• _WHAT YOU SHOULD DO_: Print the lines that run from the line with "3V3_OUT: C15.2, SJ2.1, U4.1" to the line with "CHARGER_DETECT: D5.2 (A), R38.2, U3.7 (OUT2)", keeping both end lines, exactly as they appear in the entries below, and nothing else.
============================================================
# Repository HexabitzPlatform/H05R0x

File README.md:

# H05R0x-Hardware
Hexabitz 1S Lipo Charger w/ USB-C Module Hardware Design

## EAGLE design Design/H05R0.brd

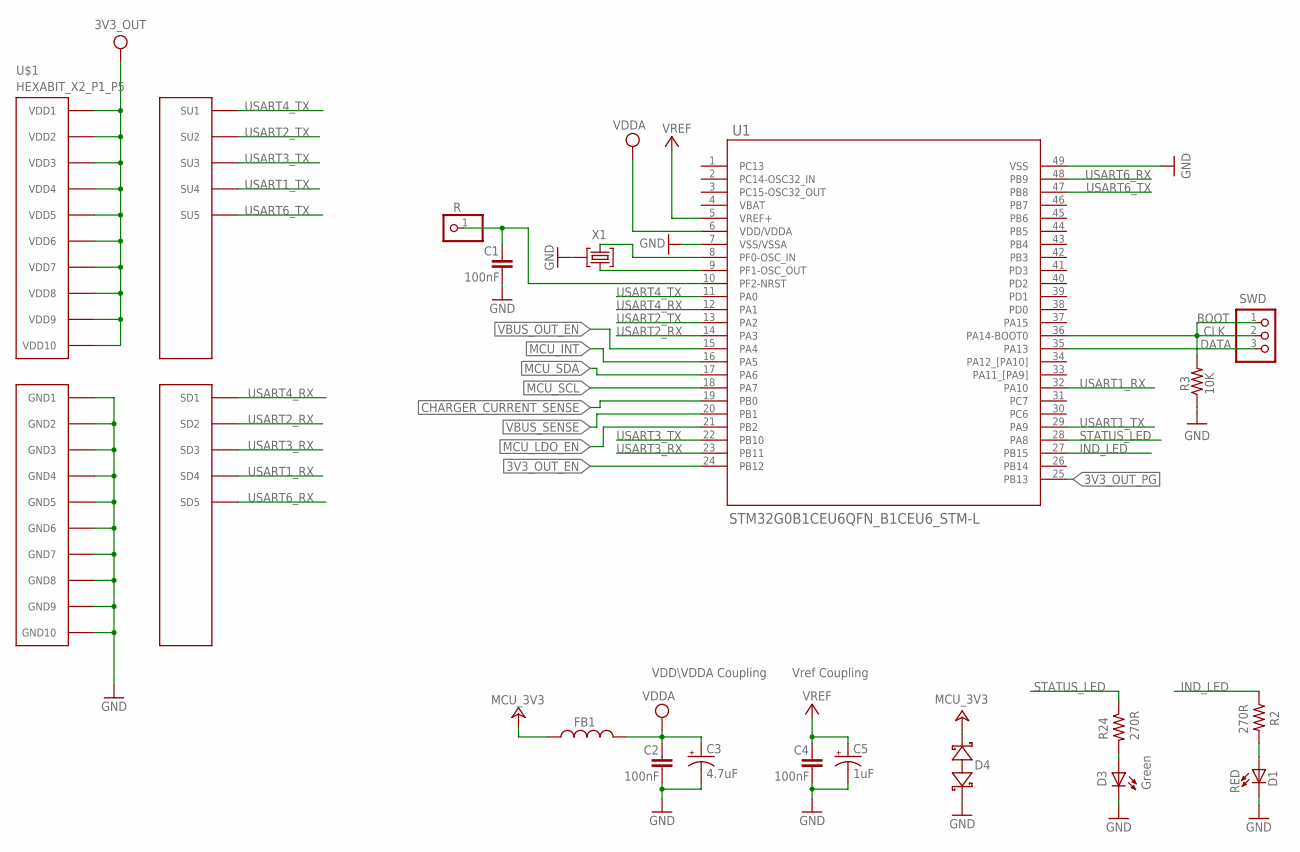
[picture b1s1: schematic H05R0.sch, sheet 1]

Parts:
C1, C2, C4: 100nF; C-0603
C3: 4.7uF; C-0805-POL
C5: 1uF; C-0805-POL
D1: RED; VLMS1300-GS08; MPN VLMS1300-GS08
D3: Green; VLMTG1300-GS08; MPN VLMS1300-GS08
D4: BOURNS_CDSOD323-T03SCBOURNS_CDSOD323-T03SC_0_0; BOURNS_CDSOD323-T03SC_0
FB1: FB-0603
R: R; 1X01
R2, R24: 270R; R-0603
R3: 10K; R-0603
SWD: PINHD-1X3; 1X03
TRIMBLE-LOGO1: HEXA-LOGO
U1: STM32G0B1CEU6QFN_B1CEU6_STM-L; QFN_B1CEU6_STM-L
U$1: HEXABIT_X2_P1_P5; HEXABIT_17.32_X2_P1_P5
X1: XTALL_CSTCE8M00G52

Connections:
3V3_OUT: U$1.PAD_PU11 (VDD1), U$1.PAD_PU12 (VDD2), U$1.PAD_PU13 (VDD3), U$1.PAD_PU14 (VDD4), U$1.PAD_PU15 (VDD5), U$1.PAD_PU16 (VDD6), U$1.PAD_PU17 (VDD7), U$1.PAD_PU18 (VDD8), U$1.PAD_PU19 (VDD9), U$1.PAD_PU20 (VDD10); also elsewhere on the board
3V3_OUT_EN: U1.24 (PB12); also elsewhere on the board
3V3_OUT_PG: U1.25 (PB13); also elsewhere on the board
CHARGER_CURRENT_SENSE: U1.19 (PB0); also elsewhere on the board
CLK: R3.2, SWD.1, SWD.2, U1.36 (PA14-BOOT0)
DATA: SWD.3, U1.35 (PA13)
GND: C1.2, C2.2, C3.2 (-), C4.2, C5.2 (-), D1.C, D3.C, D4.1 (A), R3.1, U1.7 (VSS/VSSA), U1.49 (VSS), U$1.PAD_PD11 (GND1), U$1.PAD_PD12 (GND2), U$1.PAD_PD13 (GND3), U$1.PAD_PD14 (GND4), U$1.PAD_PD15 (GND5), U$1.PAD_PD16 (GND6), U$1.PAD_PD17 (GND7), U$1.PAD_PD18 (GND8), U$1.PAD_PD19 (GND9), U$1.PAD_PD20 (GND10), X1.P$2 (2); also elsewhere on the board
IND_LED: R2.1, U1.27 (PB15)
MCU_3V3: D4.2 (C), FB1.2; also elsewhere on the board
MCU_INT: U1.16 (PA5); also elsewhere on the board
MCU_LDO_EN: U1.21 (PB2); also elsewhere on the board
MCU_SCL: U1.18 (PA7); also elsewhere on the board
MCU_SDA: U1.17 (PA6); also elsewhere on the board
unnamed: D1.A, R2.2
unnamed: D3.A, R24.2
unnamed: U1.9 (PF1-OSC_OUT), X1.P$1 (1)
unnamed: U1.8 (PF0-OSC_IN), X1.P$3 (3)
unnamed: C1.1, R.1, U1.10 (PF2-NRST)
STATUS_LED: R24.1, U1.28 (PA8)
USART1_RX: U1.32 (PA10), U$1.PAD_PD4 (SD4)
USART1_TX: U1.29 (PA9), U$1.PAD_PU4 (SU4)
USART2_RX: U1.14 (PA3), U$1.PAD_PD2 (SD2)
USART2_TX: U1.13 (PA2), U$1.PAD_PU2 (SU2)
USART3_RX: U1.23 (PB11), U$1.PAD_PD3 (SD3)
USART3_TX: U1.22 (PB10), U$1.PAD_PU3 (SU3)
USART4_RX: U1.12 (PA1), U$1.PAD_PD1 (SD1)
USART4_TX: U1.11 (PA0), U$1.PAD_PU1 (SU1)
USART6_RX: U1.48 (PB9), U$1.PAD_PD5 (SD5)
USART6_TX: U1.47 (PB8), U$1.PAD_PU5 (SU5)
VBUS_OUT_EN: U1.15 (PA4); also elsewhere on the board
VBUS_SENSE: U1.20 (PB1); also elsewhere on the board
VDDA: C2.1, C3.1 (+), FB1.1, U1.6 (VDD/VDDA)
VREF: C4.1, C5.1 (+), U1.5 (VREF+)

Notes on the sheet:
Vref Coupling
VDD\VDDA Coupling
BOOT

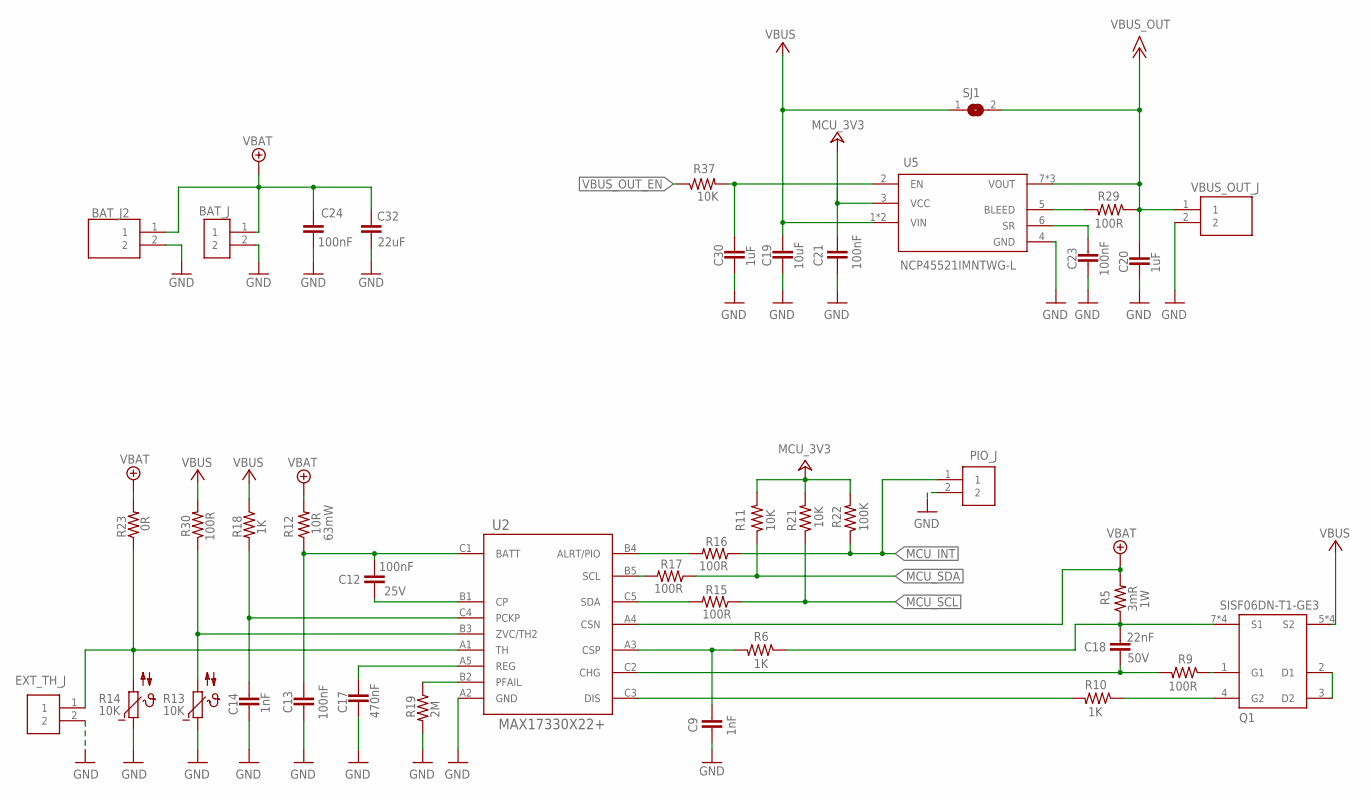
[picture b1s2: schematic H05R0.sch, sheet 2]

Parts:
BAT_J: B2B-PH-K-S(LF)(SN); JST_B2B-PH-K-S(LF)(SN)
BAT_J2: B2P-VH-FB-B_LF__SN_; B2PVHFBBLFSN
C9, C14: 1nF; C-0603; VOLTAGE_RATING 50V
C12: 100nF; C-0603; VOLTAGE_RATING 25V
C13: 100nF; C-0603; VOLTAGE_RATING 10V
C17: 470nF; C-0603; VOLTAGE_RATING 10V
C18: 22nF; C-0603; VOLTAGE_RATING 50V
C19: 10uF; C-0805
C20: 1uF; C-0805
C21, C23: 100nF; C-0603; VOLTAGE_RATING 10V; MPN GRM187R61A226ME15
C24: 100nF; C-0603; VOLTAGE_RATING 50V
C30: 1uF; C-0805; VOLTAGE_RATING 10V; MPN GRM187R61A226ME15
C32: 22uF; C-0805
EXT_TH_J: 3-644456-2; TE_3-644456-2
PIO_J: 3-644456-2; TE_3-644456-2
Q1: SISF06DN-T1-GE3; SISF06DNT1GE3
R5: 3mR; R1206; MPN WFC12063L000FE66
R6, R10, R18: 1K; R-0603
R9, R15, R16, R17, R29, R30: 100R; R-0603
R11, R21, R37: 10K; R-0603
R12: 10R; R-0603
R13, R14: 10K; R-0603; MPN NCP18XH103F03RB
R19: 2M; R-0603
R22: 100K; R-0603
R23: DNP; R-0603
SJ1: SJ
U2: MAX17330X22+; 21-100433_W151J2+1_MXM
U5: NCP45521IMNTWG-L; DFN8_2X2_ONS
VBUS_OUT_J: 1984617

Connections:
GND: BAT_J.2, BAT_J2.2, C9.1, C13.2, C14.2, C17.1, C19.2, C20.2, C21.1, C23.1, C24.1, C30.1, C32.2, EXT_TH_J.2, PIO_J.2, R13.1, R14.1, R19.2, U2.A2 (GND), U5.4 (GND), VBUS_OUT_J.2; also elsewhere on the board
MCU_3V3: C21.2, R11.2, R21.2, R22.2, U5.3 (VCC); also elsewhere on the board
MCU_INT: PIO_J.1, R16.1, R22.1; also elsewhere on the board
MCU_SCL: R15.1, R21.1; also elsewhere on the board
MCU_SDA: R11.1, R17.1; also elsewhere on the board
unnamed: C30.2, R37.2, U5.2 (EN)
unnamed: R19.1, U2.B2 (PFAIL)
unnamed: C18.2, R9.2, U2.C2 (CHG)
unnamed: Q1.4 (G2), R10.1
unnamed: C9.2, R6.2, U2.A3 (CSP)
unnamed: C18.1, Q1.7 (S1), Q1.8 (S1), Q1.9 (S1), Q1.11 (S1), R5.1, R6.1
unnamed: Q1.2 (D1), Q1.3 (D2)
unnamed: R16.2, U2.B4 (ALRT/PIO)
unnamed: R17.2, U2.B5 (SCL)
unnamed: R13.2, R30.1, U2.B3 (ZVC/TH2)
unnamed: R10.2, U2.C3 (DIS)
unnamed: C17.2, U2.A5 (REG)
unnamed: C12.1, U2.B1 (CP)
unnamed: C12.2, C13.1, R12.1, U2.C1 (BATT)
unnamed: R29.2, U5.5 (BLEED)
unnamed: R15.2, U2.C5 (SDA)
unnamed: Q1.1 (G1), R9.1
unnamed: C14.1, R18.2, U2.C4 (PCKP)
unnamed: EXT_TH_J.1, R14.2, R23.1, U2.A1 (TH)
unnamed: C23.2, U5.6 (SR)
VBAT: BAT_J.1, BAT_J2.1, C24.2, C32.1, R5.2, R12.2, R23.2, U2.A4 (CSN)
VBUS: C19.1, Q1.5 (S2), Q1.6 (S2), Q1.10 (S2), Q1.12 (S2), R18.1, R30.2, SJ1.1, U5.1 (VIN), U5.9 (VIN); also elsewhere on the board
VBUS_OUT: C20.1, R29.1, SJ1.2, U5.7 (VOUT), U5.8 (VOUT), U5.10 (VOUT), VBUS_OUT_J.1
VBUS_OUT_EN: R37.1; also elsewhere on the board

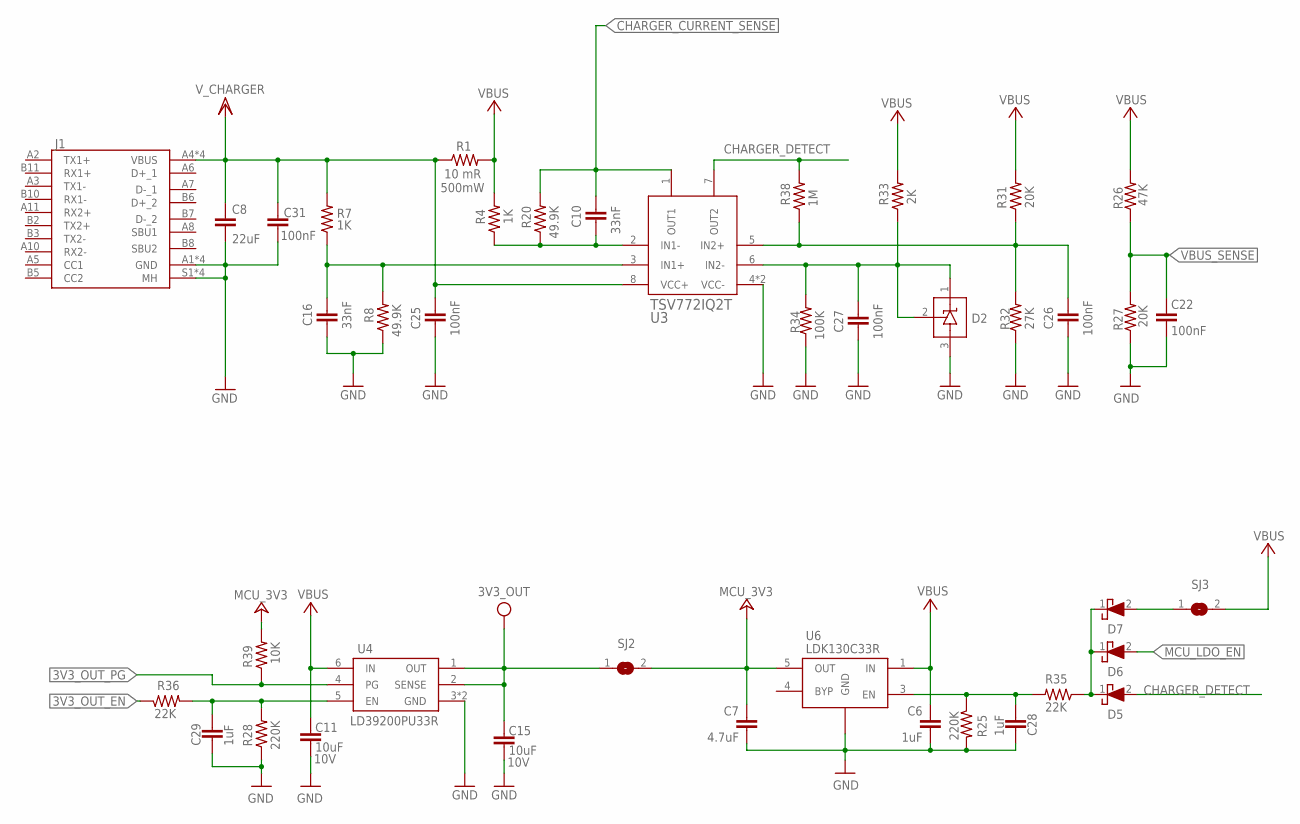
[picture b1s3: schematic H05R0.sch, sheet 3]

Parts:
C6: 1uF; C-0805
C7: 4.7uF; C-0805
C8: 22uF; C-0805
C10, C16: 33nF; C-0603; VOLTAGE_RATING 50V
C11, C15: 10uF; C-0805; VOLTAGE_RATING 10V; MPN GRM187R61A226ME15
C22, C25, C26, C27, C31: 100nF; C-0603; VOLTAGE_RATING 50V
C28, C29: 1uF; C-0805; VOLTAGE_RATING 10V; MPN GRM187R61A226ME15
D2: TL431QDBZR,215; SOT23_TO-236AB_NEX; MANUFACTURER_PART_NUMBER TS2431BILT
D5, D6, D7: CUS10S30,H3F; 1SS357TPH3F
J1: 12401610E4#2A12401610E42A; AMPHENOL_12401610E4_2A
R1: 10 mR; R-0805
R4, R7: 1K; R-0603
R8, R20: 49.9K; R-0603
R25: 220K; R-0603
R26: 47K; R-0603
R27, R31: 20K; R-0603
R28: 220K; R-0603; TOLERANCE 1%
R32: 27K; R-0603
R33: 2K; R-0603
R34: 100K; R-0603
R35, R36: 22K; R-0603
R38: 1M; R-0603
R39: 10K; R-0603; TOLERANCE 1%
SJ2, SJ3: SJ
U3: TSV772IQ2T; SON50P200X200X60-9N
U4: LD39200PU33R; SON95P300X300X100-7N
U6: LDK130C33R; SOT65P210X110-5N

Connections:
3V3_OUT: C15.2, SJ2.1, U4.1 (OUT), U4.2 (SENSE); also elsewhere on the board
3V3_OUT_EN: R36.1; also elsewhere on the board
3V3_OUT_PG: R39.1, U4.4 (PG); also elsewhere on the board
CHARGER_CURRENT_SENSE: C10.2, R20.2, U3.1 (OUT1); also elsewhere on the board
CHARGER_DETECT: D5.2 (A), R38.2, U3.7 (OUT2)
GND: C6.2, C7.2, C8.2, C11.1, C15.1, C16.1, C22.2, C25.1, C26.1, C27.1, C28.1, C29.1, C31.1, D2.3, J1.A1 (GND), J1.A12 (GND), J1.B1 (GND), J1.B12 (GND), J1.S1 (MH), J1.S2 (MH), J1.S3 (MH), J1.S4 (MH), R8.1, R25.2, R27.1, R28.1, R32.1, R34.1, U3.4 (VCC-), U3.9 (VCC-), U4.3 (GND), U4.7 (GND), U6.2 (GND); also elsewhere on the board
MCU_3V3: C7.1, R39.2, SJ2.2, U6.5 (OUT); also elsewhere on the board
MCU_LDO_EN: D6.2 (A); also elsewhere on the board
unnamed: C10.1, R4.1, R20.1, U3.2 (IN1-)
unnamed: C28.2, R25.1, R35.2, U6.3 (EN)
unnamed: C16.2, R7.1, R8.2, U3.3 (IN1+)
unnamed: C29.2, R28.2, R36.2, U4.5 (EN)
unnamed: D5.1 (K), D6.1 (K), D7.1 (K), R35.1
unnamed: D7.2 (A), SJ3.1
VBUS: C6.1, C11.2, R1.2, R4.2, R26.2, R31.2, R33.2, SJ3.2, U4.6 (IN), U6.1 (IN); also elsewhere on the board
VBUS1: C26.2, R31.1, R32.2, R38.1, U3.5 (IN2+)
VBUS2: C27.2, D2.1, D2.2, R33.1, R34.2, U3.6 (IN2-)
VBUS_SENSE: C22.1, R26.1, R27.2; also elsewhere on the board
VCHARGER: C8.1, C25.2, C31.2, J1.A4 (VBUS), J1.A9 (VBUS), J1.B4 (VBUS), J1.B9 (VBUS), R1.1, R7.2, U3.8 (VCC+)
============================================================
• _RESULT OF THE TASK_:
3V3_OUT: C15.2, SJ2.1, U4.1 (OUT), U4.2 (SENSE); also elsewhere on the board
3V3_OUT_EN: R36.1; also elsewhere on the board
3V3_OUT_PG: R39.1, U4.4 (PG); also elsewhere on the board
CHARGER_CURRENT_SENSE: C10.2, R20.2, U3.1 (OUT1); also elsewhere on the board
CHARGER_DETECT: D5.2 (A), R38.2, U3.7 (OUT2)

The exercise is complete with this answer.